With activity on serotonergic and glutaminergic neurotransmitters, agmatine is one of the handful of metabolites highlighted in our results that has been extensively studied with respect to its role as a neuromodulator55. Agmatine is also released from endogenous neurons in the peripheral nervous system and astrocytes in the central nervous system as a compensatory, protective mechanism in response to stress and inflammation56. Gut agmatine may interact with vagal afferents and contribute to the unique brain-gut signature of the obese and overweight phenotype. As many of the other significant metabolites have not been studies within the context of brain-gut interactions, we cannot conclude if these compounds communicate with the central nervous system in some way.

Our study focused on structural connectivity of brain regions and fecal metabolites. Future work may benefit from incorporating functional connectivity of brain regions or perhaps pairwise connectivity in characterizing key differences between overweight and obese individuals. Although we discussed the metabolites of interest within the context of the gut microbiome, we did not explicitly examine gut microbiota signatures (16S rRNA gene sequencing data) in this study. Future, more complex, machine learning models may benefit from the addition of different data sets to deepen our systems-based understanding of obesity and how it may be different from the overweight phenotype. We are unable to define the directionality and causality between fecal metabolites and alteration in brain connectivity with respect to obesity from this study; however, previous work has suggested bidirectional models for brain-gut-microbiome communication in obesity57. Machine learning tends to focus on the variability of features in order to explain the various outcomes. As a result, machine learning can eliminate features with low variance. This may not be correct in all situations as sometimes small variations can potentially drive large changes in the systems. To some extent, this bias can be eliminated by ensuring that the models being built and used are validated by subject matter experts. Although many of the fecal metabolites included in this model were not on their own able to differentiate between the overweight and obese phenotypes, the unique metabolome signature was able to significantly differentiate between the two groups, which underscores the impact of a machine learning approach to our systems understanding of obesity, which would otherwise not be captured in more traditional, strictly correlational analyses. Despite their predictive accuracy in classifying the data, machine learning algorithms cannot always entirely explain the true underlying processes, while also arriving at a final predictive model with the best set of features for optimizing accuracy. In this study, we differentiated our two groups by BMI; although BMI, which expresses the relationship between height and weight is the most widely used measure of obesity. Future studies may consider other measures of obesity such as waist–hip ratio or visceral adiposity in order to validate our current study.

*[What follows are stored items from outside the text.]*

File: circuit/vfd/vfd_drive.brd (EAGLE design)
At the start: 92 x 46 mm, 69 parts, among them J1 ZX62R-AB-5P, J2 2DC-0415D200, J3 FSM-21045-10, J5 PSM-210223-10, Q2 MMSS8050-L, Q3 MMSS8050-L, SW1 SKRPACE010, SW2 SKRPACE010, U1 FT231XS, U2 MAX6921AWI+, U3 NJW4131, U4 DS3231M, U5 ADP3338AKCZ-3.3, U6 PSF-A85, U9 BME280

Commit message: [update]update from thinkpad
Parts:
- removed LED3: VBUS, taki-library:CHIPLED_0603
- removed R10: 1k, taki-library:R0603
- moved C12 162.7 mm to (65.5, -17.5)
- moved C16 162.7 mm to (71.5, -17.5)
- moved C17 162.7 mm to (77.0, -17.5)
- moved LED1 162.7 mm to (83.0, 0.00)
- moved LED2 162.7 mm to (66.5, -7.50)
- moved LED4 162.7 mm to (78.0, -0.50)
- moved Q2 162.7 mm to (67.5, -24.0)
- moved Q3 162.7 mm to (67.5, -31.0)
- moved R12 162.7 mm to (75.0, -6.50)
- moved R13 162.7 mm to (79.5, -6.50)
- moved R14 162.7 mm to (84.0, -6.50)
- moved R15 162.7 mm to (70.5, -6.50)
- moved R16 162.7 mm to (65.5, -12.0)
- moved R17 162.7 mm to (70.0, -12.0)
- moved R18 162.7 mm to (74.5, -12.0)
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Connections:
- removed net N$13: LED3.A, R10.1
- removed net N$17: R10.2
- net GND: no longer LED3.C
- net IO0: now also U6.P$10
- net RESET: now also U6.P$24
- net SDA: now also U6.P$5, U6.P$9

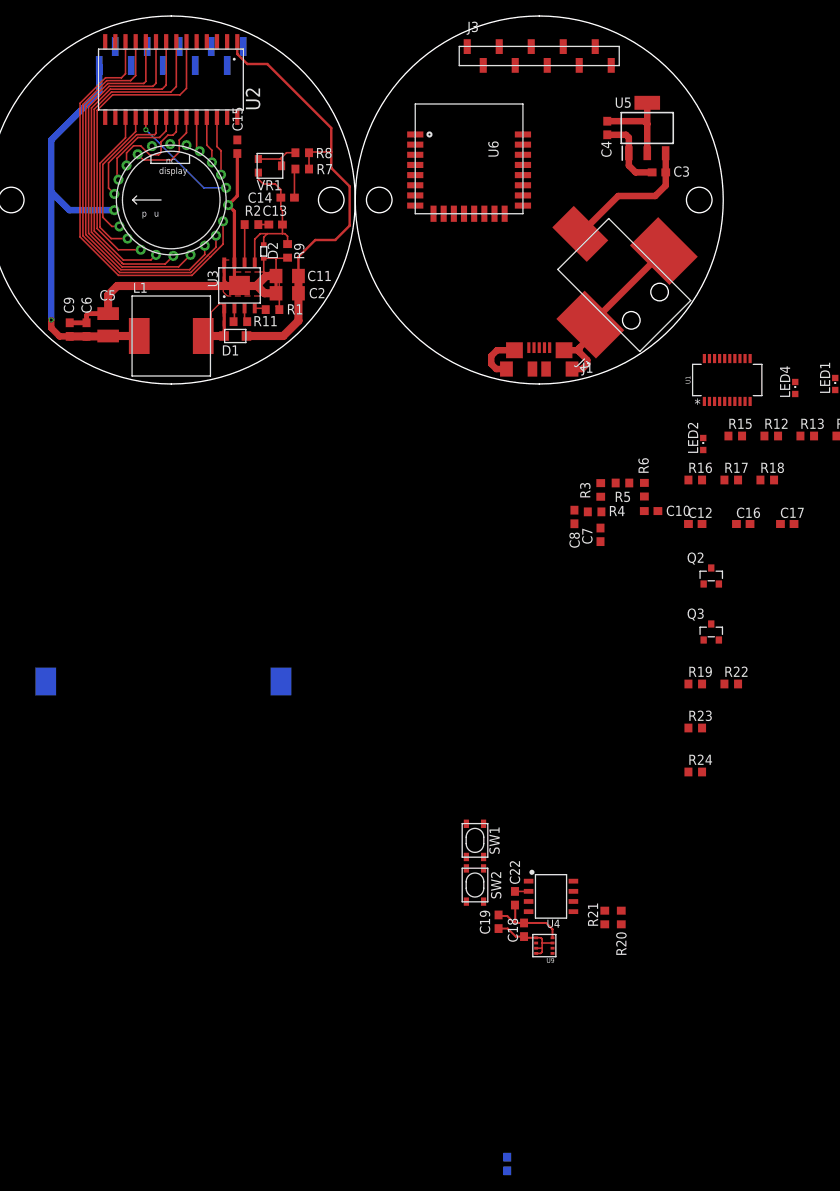
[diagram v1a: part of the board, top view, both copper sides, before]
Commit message: [update]update connector routing
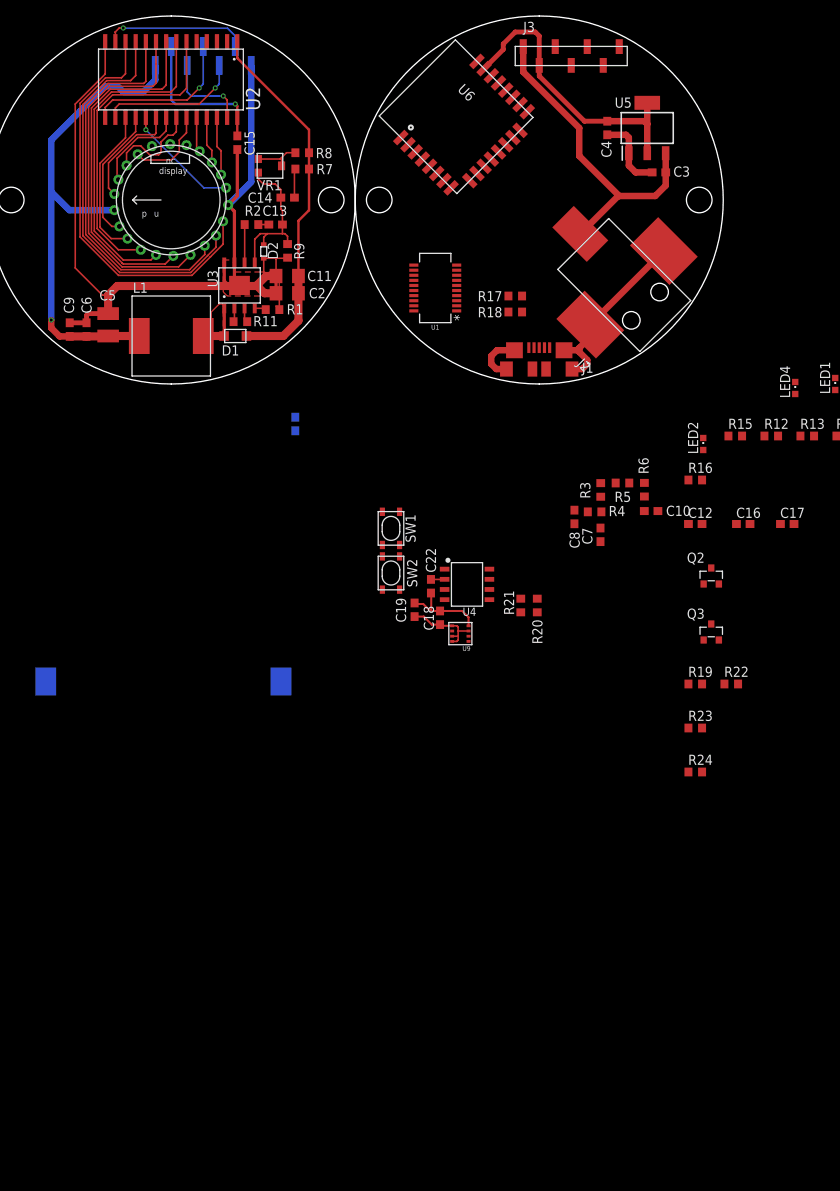
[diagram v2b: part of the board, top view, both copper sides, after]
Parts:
- J3: value FSM-21045-10 -> FSM-21045-7; device taki-library:FSM-21045-10 -> taki-library:FSM-21045-7
- J5: value PSM-210223-10 -> PSM-210223-7; device taki-library:PSM-210223-10 -> taki-library:PSM-210223-7
- moved C1 96.2 mm to (15.5, -5.00), turned to 270 degrees
- moved C22 40.4 mm to (32.5, -25.3)
- moved R20 40.4 mm to (45.8, -27.7)
- moved R21 40.4 mm to (43.7, -27.7)
- moved SW1 40.4 mm to (27.5, -18.0)
- moved SW2 40.4 mm to (27.5, -23.6)
- moved U4 40.4 mm to (37.0, -25.1)
- moved U9 40.4 mm to (36.1, -31.2)
- moved C18 40.4 mm to (33.6, -29.2)
- moved C19 40.4 mm to (30.4, -28.2)
- moved U1 38.3 mm to (33.0, 12.0), turned to 90 degrees
- moved R18 37.9 mm to (43.0, 9.00), turned to 180 degrees
- moved R17 35.5 mm to (43.0, 11.0), turned to 180 degrees
- moved J3 7.00 mm to (44.0, 41.0)
- moved J5 7.00 mm to (-2.00, 41.0)
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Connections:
- net +3V3: now also J3.2
- net +5V: now also J3.1
- net GND: now also J3.7, J5.7
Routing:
- net GND: track 122.3 -> 176.8 mm
- net +5V: track 74.6 -> 105.0 mm
- net +3V3: track 23.9 -> 49.1 mm
- net N$4: track 0.00 -> 19.3 mm, vias 0 -> 1
- net N$2: track 0.00 -> 19.0 mm, vias 0 -> 1
- net N$18: track 0.00 -> 18.2 mm, vias 0 -> 1
- net N$5: track 0.00 -> 17.7 mm, vias 0 -> 1
- net +24V: track 58.4 -> 46.5 mm
- net N$3: track 0.00 -> 10.9 mm, vias 0 -> 1

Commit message: [complete]complete vfd driver board
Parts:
- removed LED4: VBUS, taki-library:CHIPLED_0603
- removed Q3: MMSS8050-L, taki-library:SOT23
- removed R14: 1k, taki-library:R0603
- removed R15: 4.7k, taki-library:R0603
- removed R16, R19, R22: 10k, taki-library:R0603
- removed R4, R6: 470, taki-library:R0603
- added J4: PSM-210223-7, taki-library:PSM-210223-7
- added J6: FSM-21045-7, taki-library:FSM-21045-7
- added Q1: BSS138, taki-library:SOT23-N-MOSFET
- added R10, R25: 4.7k, taki-library:R0603
- C10: value 1000pF -> 0.1uF
- Q2: value MMSS8050-L -> BSS138; device taki-library:SOT23 -> taki-library:SOT23-N-MOSFET
- moved R24 85.9 mm to (25.7, 27.6)
- moved R23 71.1 mm to (35.8, 21.6), turned to 135 degrees
- moved C10 60.9 mm to (40.1, 41.6), turned to 135 degrees
- moved R20 54.7 mm to (31.3, 25.0), turned to 315 degrees
- moved Q2 53.3 mm to (45.5, 24.5)
- moved R21 51.1 mm to (41.3, 23.3), turned to 0 degrees
- moved R13 45.4 mm to (36.7, 8.80), turned to 90 degrees
- moved LED1 44.3 mm to (38.8, 3.49), turned to 180 degrees
- moved R3 44.3 mm to (48.7, 30.8)
- moved R5 44.2 mm to (46.6, 30.7), turned to 90 degrees
- moved U4 42.8 mm to (29.5, 17.1), turned to 90 degrees
- moved C22 42.6 mm to (34.0, 17.3), turned to 90 degrees
- moved C17 42.2 mm to (43.4, 8.02), turned to 180 degrees
- moved C1 41.9 mm to (-13.4, 25.3), flipped to the top
- moved C19 40.0 mm to (30.7, 11.7), turned to 180 degrees
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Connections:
- removed net N$11: LED4.A, R14.1
- removed net N$12: C10.2, R6.1, SW2.S1, SW2.S2
- removed net N$14: R15.1, R16.2, U1.18
- removed net N$15: Q2.B, R19.1
- removed net N$16: Q3.B, R22.1
- removed net N$2: C15.1, J5.2, U2.28
- removed net N$6: C8.2, R4.1, SW1.S1, SW1.S2
- new net 32KHZ: R10.1, U4.1, U6.P$6
- new net SQW: R25.1, U4.3, U6.P$7
- new net SW1: J4.2
- new net SW2: J4.3
- new net SW3: J4.4
- new net SW4: J4.5
- new net VFBLANK: J3.6, U6.P$11
- new net VFCLK: J3.4, U6.P$14
- new net VFDIN: J3.3, U6.P$15
- new net VFLOAD: J3.5, U6.P$13
- net +3V3: now also C10.1, C15.1, J4.1, J5.2, J6.1, R10.2, R25.2, U2.28
- net DTR: now also Q1.G, Q2.S; no longer Q3.E, R19.2
- net GND: now also C10.2, J4.7, J6.7; no longer C10.1, C7.2, C8.1, LED4.C, R16.1, SW1.P1, SW1.P2, SW2.P1, SW2.P2
- net IO0: now also Q2.D; no longer Q3.C, R6.2
- net RESET: now also Q1.D; no longer C7.1, Q2.C, R4.2
- net RTS: now also Q1.S, Q2.G; no longer Q2.E, R22.2
- net SCL: now also U6.P$5
- net SDA: no longer U6.P$5
- net VBATT: now also J4.6
- net VBUS: no longer R14.2, R15.2
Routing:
- net GND: track 176.8 -> 348.4 mm, vias 0 -> 11
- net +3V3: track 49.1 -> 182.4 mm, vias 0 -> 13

To our knowledge, this is the first study to integrate microstructural neuroimaging and fecal metabolite data using a machine learning model to understand key differentiators and potential drivers of obese and overweight individuals. A growing body of evidence suggests that brain-gut interactions are important in driving the transition from being normal weight to overweight. Our results suggest that brain-directed signaling may be more important in obesity pathophysiology compared to overweight pathophysiology, as our machine learning model weighed alterations in brain connectivity as substantially more significant compared to fecal metabolites. This exploratory analysis supports previous preclinical and clinical investigations, while also revealing novel insights, which will be essential in driving discovery into previously unexplored avenues of brain-gut-microbiome interactions in obesity.